There is no minimax linkage implemented in scipy.cluster.hierarchy as of Feb 2021. There is a standalone package pyprotoclust, possibly the only python package available for minimax linkage, but a simple pip install doesn’t always work.

Below is a brute force implementation.

There is a nearest neighbor chain algorithm which is used in scipy for complete linkage.
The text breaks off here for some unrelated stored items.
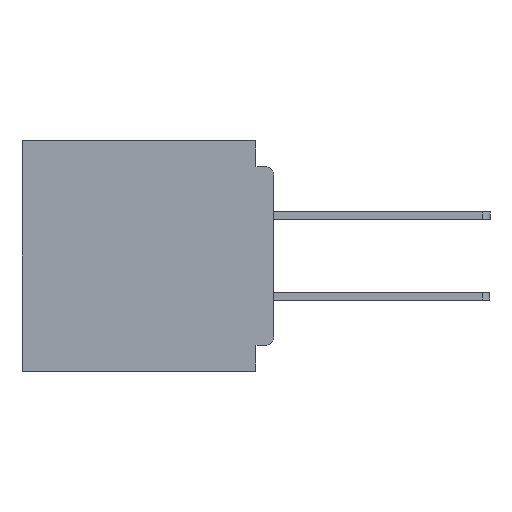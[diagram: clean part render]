
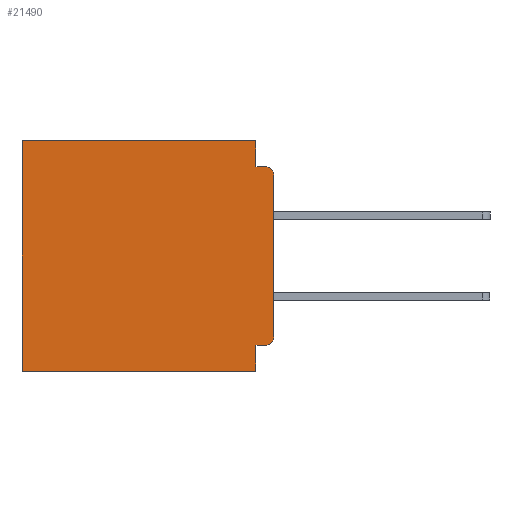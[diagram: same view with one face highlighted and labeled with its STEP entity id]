
A CAD part, left-side view. The second image highlights one B-rep face of the part: STEP entity #21490.
In plain terms, the highlighted planar face has unit normal (-1, 0, 0).
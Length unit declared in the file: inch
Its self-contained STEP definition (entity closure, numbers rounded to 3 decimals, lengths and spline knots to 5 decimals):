
#1090 = CARTESIAN_POINT ( 'NONE',  ( 0.3, 0., -0.045 ) ) ;
#1199 = EDGE_CURVE ( 'NONE', #35622, #2692, #40965, .T. ) ;
#2137 = ORIENTED_EDGE ( 'NONE', *, *, #43096, .F. ) ;
#2608 = CARTESIAN_POINT ( 'NONE',  ( 0.3, 0.015, -0.34 ) ) ;
#2679 = CARTESIAN_POINT ( 'NONE',  ( 0.3, 0., 0. ) ) ;
#2692 = VERTEX_POINT ( 'NONE', #24102 ) ;
#2997 = ORIENTED_EDGE ( 'NONE', *, *, #8687, .F. ) ;
#3174 = PLANE ( 'NONE',  #28640 ) ;
#3227 = LINE ( 'NONE', #18121, #38483 ) ;
#3296 = CARTESIAN_POINT ( 'NONE',  ( 0.3, 0., -0.4 ) ) ;
#3563 = VERTEX_POINT ( 'NONE', #29082 ) ;
#4064 = VECTOR ( 'NONE', #40109, 39.37008 ) ;
#4400 = DIRECTION ( 'NONE',  ( 0., 0., -1. ) ) ;
#4425 = CARTESIAN_POINT ( 'NONE',  ( 0.3, 0.437, 0. ) ) ;
#4774 = VECTOR ( 'NONE', #21930, 39.37008 ) ;
#5148 = ORIENTED_EDGE ( 'NONE', *, *, #19309, .T. ) ;
#5555 = ORIENTED_EDGE ( 'NONE', *, *, #40477, .F. ) ;
#6114 = DIRECTION ( 'NONE',  ( 0., 0., -1. ) ) ;
#6623 = EDGE_LOOP ( 'NONE', ( #2137, #28733, #25545, #39624, #35094, #5148, #5555, #2997, #15781, #36301 ) ) ;
#6991 = LINE ( 'NONE', #1090, #16195 ) ;
#7812 = LINE ( 'NONE', #20484, #24878 ) ;
#8687 = EDGE_CURVE ( 'NONE', #2692, #23652, #13960, .T. ) ;
#9079 = CARTESIAN_POINT ( 'NONE',  ( 0.3, 0.031, 0. ) ) ;
#10156 = DIRECTION ( 'NONE',  ( 0., 0., -1. ) ) ;
#10289 = EDGE_CURVE ( 'NONE', #33100, #34197, #13266, .T. ) ;
#13266 = LINE ( 'NONE', #2679, #4064 ) ;
#13811 = VECTOR ( 'NONE', #32252, 39.37008 ) ;
#13933 = CARTESIAN_POINT ( 'NONE',  ( 0.3, 0.015, -0.06 ) ) ;
#13960 = LINE ( 'NONE', #30888, #21903 ) ;
#14773 = EDGE_CURVE ( 'NONE', #33100, #33879, #7812, .T. ) ;
#14909 = LINE ( 'NONE', #28819, #13811 ) ;
#15781 = ORIENTED_EDGE ( 'NONE', *, *, #1199, .F. ) ;
#16195 = VECTOR ( 'NONE', #18295, 39.37008 ) ;
#16637 = VECTOR ( 'NONE', #17193, 39.37008 ) ;
#17193 = DIRECTION ( 'NONE',  ( 0., 1., 0. ) ) ;
#17378 = DIRECTION ( 'NONE',  ( 0., 0., -1. ) ) ;
#17995 = EDGE_CURVE ( 'NONE', #35622, #36773, #21612, .T. ) ;
#18121 = CARTESIAN_POINT ( 'NONE',  ( 0.3, 0.437, -0.4 ) ) ;
#18295 = DIRECTION ( 'NONE',  ( 0., -1., 0. ) ) ;
#18374 = CARTESIAN_POINT ( 'NONE',  ( 0.3, 0., -0.355 ) ) ;
#18634 = CARTESIAN_POINT ( 'NONE',  ( 0.3, 0.015, -0.045 ) ) ;
#19309 = EDGE_CURVE ( 'NONE', #34197, #36509, #3227, .T. ) ;
#20003 = CARTESIAN_POINT ( 'NONE',  ( 0.3, 0.437, -0.4 ) ) ;
#20484 = CARTESIAN_POINT ( 'NONE',  ( 0.3, 0.031, 0. ) ) ;
#20610 = EDGE_CURVE ( 'NONE', #33879, #43093, #6991, .T. ) ;
#21490 = ADVANCED_FACE ( 'NONE', ( #40928 ), #3174, .F. ) ;
#21612 = CIRCLE ( 'NONE', #36780, 0.015 ) ;
#21903 = VECTOR ( 'NONE', #34177, 39.37008 ) ;
#21930 = DIRECTION ( 'NONE',  ( 0., 1., 0. ) ) ;
#23343 = EDGE_CURVE ( 'NONE', #3563, #43093, #30709, .T. ) ;
#23442 = CARTESIAN_POINT ( 'NONE',  ( 0.3, 0.031, -0.045 ) ) ;
#23652 = VERTEX_POINT ( 'NONE', #35867 ) ;
#23895 = DIRECTION ( 'NONE',  ( 0., 0., -1. ) ) ;
#24102 = CARTESIAN_POINT ( 'NONE',  ( 0.3, 0.031, -0.355 ) ) ;
#24878 = VECTOR ( 'NONE', #23895, 39.37008 ) ;
#25545 = ORIENTED_EDGE ( 'NONE', *, *, #20610, .F. ) ;
#26529 = DIRECTION ( 'NONE',  ( -1., 0., 0. ) ) ;
#28094 = AXIS2_PLACEMENT_3D ( 'NONE', #13933, #37678, #17378 ) ;
#28640 = AXIS2_PLACEMENT_3D ( 'NONE', #43904, #30491, #10156 ) ;
#28733 = ORIENTED_EDGE ( 'NONE', *, *, #23343, .T. ) ;
#28819 = CARTESIAN_POINT ( 'NONE',  ( 0.3, 0., -0.4 ) ) ;
#29082 = CARTESIAN_POINT ( 'NONE',  ( 0.3, 0., -0.06 ) ) ;
#30491 = DIRECTION ( 'NONE',  ( 1., 0., 0. ) ) ;
#30709 = CIRCLE ( 'NONE', #28094, 0.015 ) ;
#30888 = CARTESIAN_POINT ( 'NONE',  ( 0.3, 0.031, -0.4 ) ) ;
#31549 = CARTESIAN_POINT ( 'NONE',  ( 0.3, 0., -0.34 ) ) ;
#32252 = DIRECTION ( 'NONE',  ( 0., 0., -1. ) ) ;
#33100 = VERTEX_POINT ( 'NONE', #9079 ) ;
#33879 = VERTEX_POINT ( 'NONE', #23442 ) ;
#34177 = DIRECTION ( 'NONE',  ( 0., 0., -1. ) ) ;
#34197 = VERTEX_POINT ( 'NONE', #4425 ) ;
#34639 = LINE ( 'NONE', #3296, #16637 ) ;
#35094 = ORIENTED_EDGE ( 'NONE', *, *, #10289, .T. ) ;
#35622 = VERTEX_POINT ( 'NONE', #42125 ) ;
#35867 = CARTESIAN_POINT ( 'NONE',  ( 0.3, 0.031, -0.4 ) ) ;
#36301 = ORIENTED_EDGE ( 'NONE', *, *, #17995, .T. ) ;
#36509 = VERTEX_POINT ( 'NONE', #20003 ) ;
#36773 = VERTEX_POINT ( 'NONE', #31549 ) ;
#36780 = AXIS2_PLACEMENT_3D ( 'NONE', #2608, #26529, #6114 ) ;
#37678 = DIRECTION ( 'NONE',  ( -1., 0., 0. ) ) ;
#38483 = VECTOR ( 'NONE', #4400, 39.37008 ) ;
#39624 = ORIENTED_EDGE ( 'NONE', *, *, #14773, .F. ) ;
#40109 = DIRECTION ( 'NONE',  ( 0., 1., 0. ) ) ;
#40477 = EDGE_CURVE ( 'NONE', #23652, #36509, #34639, .T. ) ;
#40928 = FACE_OUTER_BOUND ( 'NONE', #6623, .T. ) ;
#40965 = LINE ( 'NONE', #18374, #4774 ) ;
#42125 = CARTESIAN_POINT ( 'NONE',  ( 0.3, 0.015, -0.355 ) ) ;
#43093 = VERTEX_POINT ( 'NONE', #18634 ) ;
#43096 = EDGE_CURVE ( 'NONE', #3563, #36773, #14909, .T. ) ;
#43904 = CARTESIAN_POINT ( 'NONE',  ( 0.3, 0., -0.4 ) ) ;

Minimax linkage can be implemented in the same way.

The update rule of minimax linkage is

\begin{align*} d(G_1 \cup G_2, H) = \min_{i\in G_1\cup G_2 \cup H} \max_{j\in G_1\cup G_2 \cup H} d_{ij}. \end{align*}

Brute Force

[1]:

%%time

import math
import numpy as np
import matplotlib.pyplot as plt
from itertools import combinations
from pandas import DataFrame
from scipy.cluster import hierarchy
from scipy.spatial.distance import pdist

def minimax_linkage(dist):
    n = int((np.sqrt(8*len(dist) + 1) + 1)/2)

    def d(i, j): return dist[n*i+j-((i+2)*(i+1))//2] if i<j else (0 if i==j else d(j, i))
    def r(i, G): return max(d(i, j) for j in G)

    Z = []
    clusters = {i: set([i]) for i in range(n)}
    for i in range(n-1):
        min_d = math.inf
        for (idxG, G), (idxH, H) in combinations(clusters.items(), 2):
            x, dminimax = min(((x, r(x, G|H)) for x in G|H), key=lambda pt_max_d: pt_max_d[1])
            if dminimax < min_d:
                min_d = dminimax
                to_merge = [idxG, idxH, dminimax, len(G|H), x]
        Z.append(to_merge)
        idxG, idxH, _, _, _ = to_merge
        clusters[n+i] = clusters.pop(idxG) | clusters.pop(idxH)

    return np.array(Z)

X = [[0, 0], [0, 1], [1, 0], [0, 4], [0, 3], [1, 4], [4, 0], [3, 0], [4, 1], [4, 4], [3, 4], [4, 3]]
Z = minimax_linkage(pdist(X))
# Z = hierarchy.complete(pdist(X))

fig, ax = plt.subplots(1, 1, figsize=(5, 8))
hierarchy.dendrogram(Z[:, :4], ax=ax, orientation='left')
ax.set(title='Dendrogram with Minimax Linkage')
plt.show()

DataFrame(Z, columns=['x', 'y', 'dist', 'num_pts', 'prototype']).astype({'x': int, 'y': int, 'num_pts': int, 'prototype': int})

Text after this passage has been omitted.